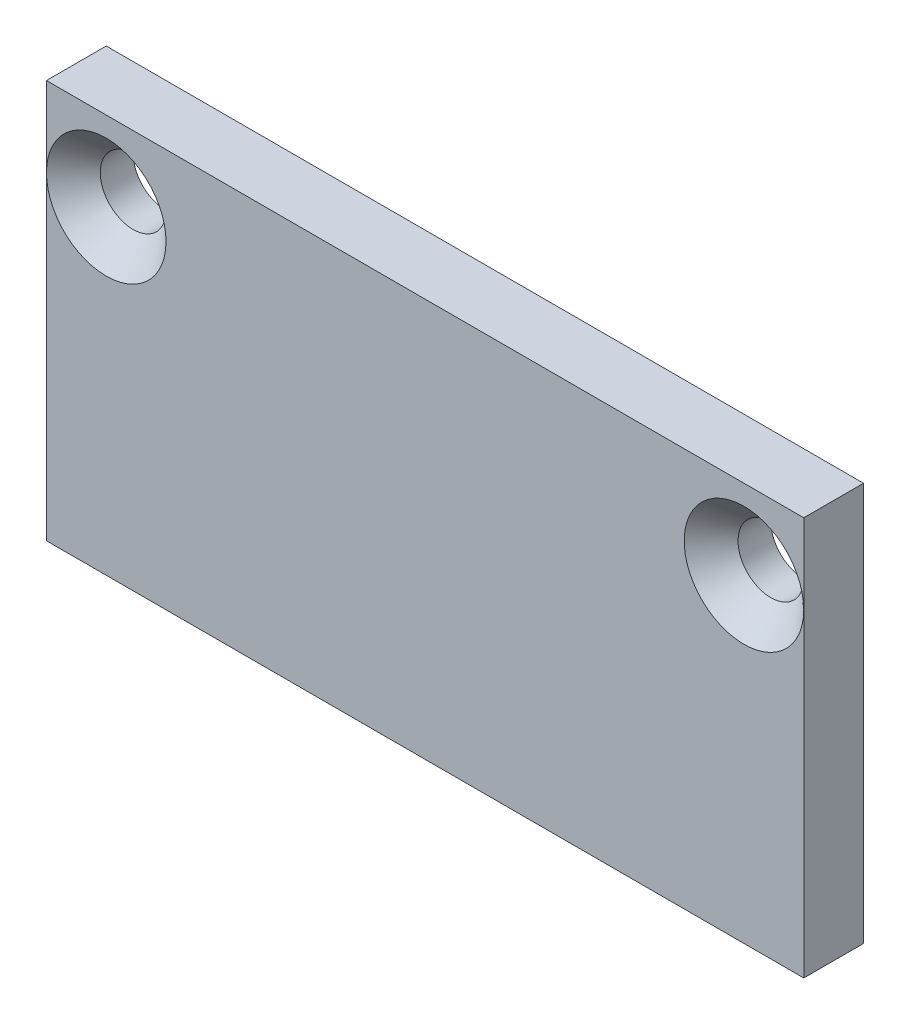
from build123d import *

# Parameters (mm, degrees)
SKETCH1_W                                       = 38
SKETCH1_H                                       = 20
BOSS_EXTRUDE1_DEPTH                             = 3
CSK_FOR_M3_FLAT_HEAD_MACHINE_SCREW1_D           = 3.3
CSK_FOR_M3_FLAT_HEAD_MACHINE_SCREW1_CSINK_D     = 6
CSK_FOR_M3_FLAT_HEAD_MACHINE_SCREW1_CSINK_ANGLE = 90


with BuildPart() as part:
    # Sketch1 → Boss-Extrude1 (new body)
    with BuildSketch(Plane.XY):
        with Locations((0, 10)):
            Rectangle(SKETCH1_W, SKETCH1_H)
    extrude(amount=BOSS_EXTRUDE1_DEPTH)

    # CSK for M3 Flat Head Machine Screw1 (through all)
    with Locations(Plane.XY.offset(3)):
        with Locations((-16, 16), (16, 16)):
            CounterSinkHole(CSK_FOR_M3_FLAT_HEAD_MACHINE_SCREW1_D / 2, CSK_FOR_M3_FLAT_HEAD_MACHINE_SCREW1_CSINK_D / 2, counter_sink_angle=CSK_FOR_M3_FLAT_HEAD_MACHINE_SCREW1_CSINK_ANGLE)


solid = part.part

----

• **Prompt**: Pictures stay out; all other material above is restated word for word.

• **Output for this task**:
from build123d import *

# Parameters (mm, degrees)
SKETCH1_W                                       = 38
SKETCH1_H                                       = 20
BOSS_EXTRUDE1_DEPTH                             = 3
CSK_FOR_M3_FLAT_HEAD_MACHINE_SCREW1_D           = 3.3
CSK_FOR_M3_FLAT_HEAD_MACHINE_SCREW1_CSINK_D     = 6
CSK_FOR_M3_FLAT_HEAD_MACHINE_SCREW1_CSINK_ANGLE = 90


with BuildPart() as part:
    # Sketch1 → Boss-Extrude1 (new body)
    with BuildSketch(Plane.XY):
        with Locations((0, 10)):
            Rectangle(SKETCH1_W, SKETCH1_H)
    extrude(amount=BOSS_EXTRUDE1_DEPTH)

    # CSK for M3 Flat Head Machine Screw1 (through all)
    with Locations(Plane.XY.offset(3)):
        with Locations((-16, 16), (16, 16)):
            CounterSinkHole(CSK_FOR_M3_FLAT_HEAD_MACHINE_SCREW1_D / 2, CSK_FOR_M3_FLAT_HEAD_MACHINE_SCREW1_CSINK_D / 2, counter_sink_angle=CSK_FOR_M3_FLAT_HEAD_MACHINE_SCREW1_CSINK_ANGLE)


solid = part.part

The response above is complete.